私が動かしているのは機械学習を利用したWebアプリケーションなので、推薦の結果をWeb UIに表示させるだけではなく、学習のプロセスなどが必要です。学習はメモリもCPUもある程度必要なバッチ処理なので、CloudWatch Eventから定期的にAWS Batchを起動させるようにします。AWS Batchは仕事で使っているのでさすがにスムーズに行きました。AWS Batchは以下の3つから構成されています。

  • コンピューティング環境
    • VPCやサブネット、必要なVCpu数などを管理。リソースが足りなければ追加でEC2インスタンスを立ち上げ、不要になったら落としてくれる
  • ジョブキュー
    • キューのくせにどのコンピューティング環境にどういう優先順位でジョブを投入するかなどが指定できる
    • キューに状態が管理されているので、EC2が立ち上がりまくってAWS破産するといった心配がない
  • ジョブ定義
    • ECSのタスク定義と大体似たようなものです。最近、タイムアウトのサポートもされて安心感が増した

察しのいい方は分かるかもしれませんが、AWS Batchの裏側ではECSのクラスタやサービス、ジョブ定義が勝手に作られます。
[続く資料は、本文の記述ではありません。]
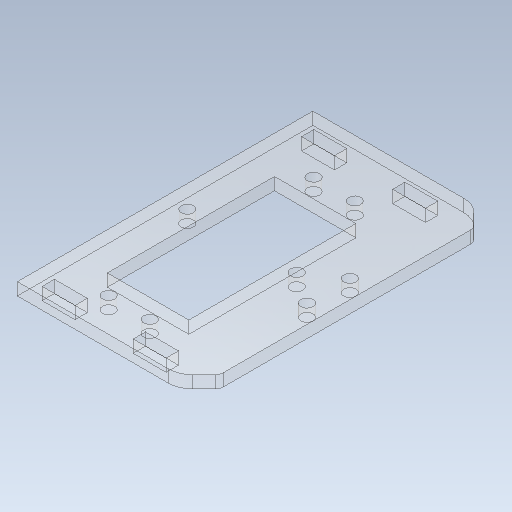
# Autodesk Inventor part: Dock bot1 V2
Saved by Autodesk Inventor 2020.3 (Build 243373000, 373)
## iProperties
Created: 2017-03-29
Part Number: Dock bot1 V2
Material: Acrylic
Document SubType Name: Modeling
Designer: Nanjar
Density: 1.188 g/cm^3
Appearance: Transparent - Clear
Mass: 7.78838 g
Surface Area: 58.9894 cm^2
Volume: 6.55588 cm^3
Author: Nanjar
Autodesk Inventor part; units mm, degrees
ref_plane "YZ Plane" through (0, 0, 0) normal (1, 0, 0) x (0, 1, 0)
ref_plane "XZ Plane" through (0, 0, 0) normal (0, 1, 0) x (-1, 0, 0)
ref_plane "XY Plane" through (0, 0, 0) normal (0, 0, 1) x (1, 0, 0)
sketch "Sketch1" plane through (0, 0, 0) normal (0, 1, 0) x (-1, 0, 0)
  circle A0 centre (-7.7007, -5.199) radius 1.5
  circle A1 centre (0, 0) radius 1.5
  circle A2 centre (-7.6993, 5.201) radius 1.5
  circle A3 centre (26.6, -0.0035) radius 1.5
  line L0 (31.9825, -36.8891) -> (31.9923, 36.8689)
  line L1 (-6.1404, -36.884) -> (31.9825, -36.8891)
  line L2 (-6.1306, 36.8689) -> (-12.1681, 30.833)
  line L3 (-12.1681, -30.8547) -> (-6.1404, -36.884)
  line L4 (22.9017, 23.1133) -> (22.9017, -17.4867)
  line L5 (3.1017, -17.4867) -> (3.1017, 23.1133)
  circle A4 centre (18.0017, -22.0763) radius 1.5
  circle A5 centre (18.0017, 27.7029) radius 1.5
  circle A6 centre (8.0017, -22.0763) radius 1.5
  circle A7 centre (8.0017, 27.7029) radius 1.5
  line L6 (-12.1681, 30.833) -> (-12.1681, -30.8547)
  line L7 (22.9017, 23.1133) -> (3.1017, 23.1133)
  line L8 (22.9017, -17.4867) -> (3.1017, -17.4867)
  line L9 (-6.1306, 36.8689) -> (31.9923, 36.8689)
  constraints: 21 end point, 8 centre point, 1 horizontal, 1 parallel, 1 perpendicular, 1 vertical
extrude "Extrusion1" add sketch "Sketch1" along normal blind 3
move faces "Move1" translate (0, 0, -0.995) faces at (-19.2846, 1, 36.8689)
move faces "Move2" translate (-0.0001, 0, 0.995) faces at (-6.5673, 2, -36.8857)
fillet "Fillet1" radius 6 2 edges at (7.1259, 1.5, 35.8739) (7.1352, 1.5, -35.8889)
fillet "Fillet2" radius 2 2 edges at (12.1681, 1.5, -30.8547) (12.1681, 1.5, 30.833)
sketch "Sketch4" plane through (0, 3, 0) normal (0, 1, 0) x (1, 0, 0)
  line L0 (2.1398, 32.1316) -> (2.1394, 29.1316)
  line L1 (2.1394, 29.1316) -> (-5.8606, 29.1327)
  line L2 (-5.8602, 32.1327) -> (2.1398, 32.1316)
  line L3 (-5.8602, 32.1327) -> (-5.8606, 29.1327)
  line L4 (-27.9915, -30.8644) -> (-27.9919, -33.8644)
  line L5 (-19.9915, -30.8654) -> (-19.9919, -33.8654)
  line L6 (-19.9919, -33.8654) -> (-27.9919, -33.8644)
  line L7 (-27.9915, -30.8644) -> (-19.9915, -30.8654)
  line L8 (-5.8686, -30.8673) -> (-5.869, -33.8673)
  line L9 (-5.8686, -30.8673) -> (2.1314, -30.8684)
  line L10 (2.1314, -30.8684) -> (2.131, -33.8684)
  line L11 (2.131, -33.8684) -> (-5.869, -33.8673)
  line L12 (-27.9832, 32.1356) -> (-19.9836, 32.1356)
  line L13 (-19.9836, 29.1346) -> (-27.9832, 29.1346)
  line L14 (-27.9832, 29.1346) -> (-27.9832, 32.1356)
  line L15 (-19.9836, 32.1356) -> (-19.9836, 29.1346)
  constraints: 32 end point, 1 horizontal, 1 parallel, 1 vertical
extrude "Extrusion2" cut sketch "Sketch4" against normal up to next
body "Solid1"

学習ジョブや推薦結果の計算のジョブを定期的に投下していきたいのですが、そういったcron的なことまではAWS Batchは面倒を見てくれません。Cloudwatch Event経由でジョブをkickさせます。CloudFormationを使っていると、Cloudwatch Eventから直接AWS Batchのジョブをkickすることはできないので、AWS BatchのジョブをkickするLambdaをkickさせるようにしました。コンソールからは直接指定できるようです。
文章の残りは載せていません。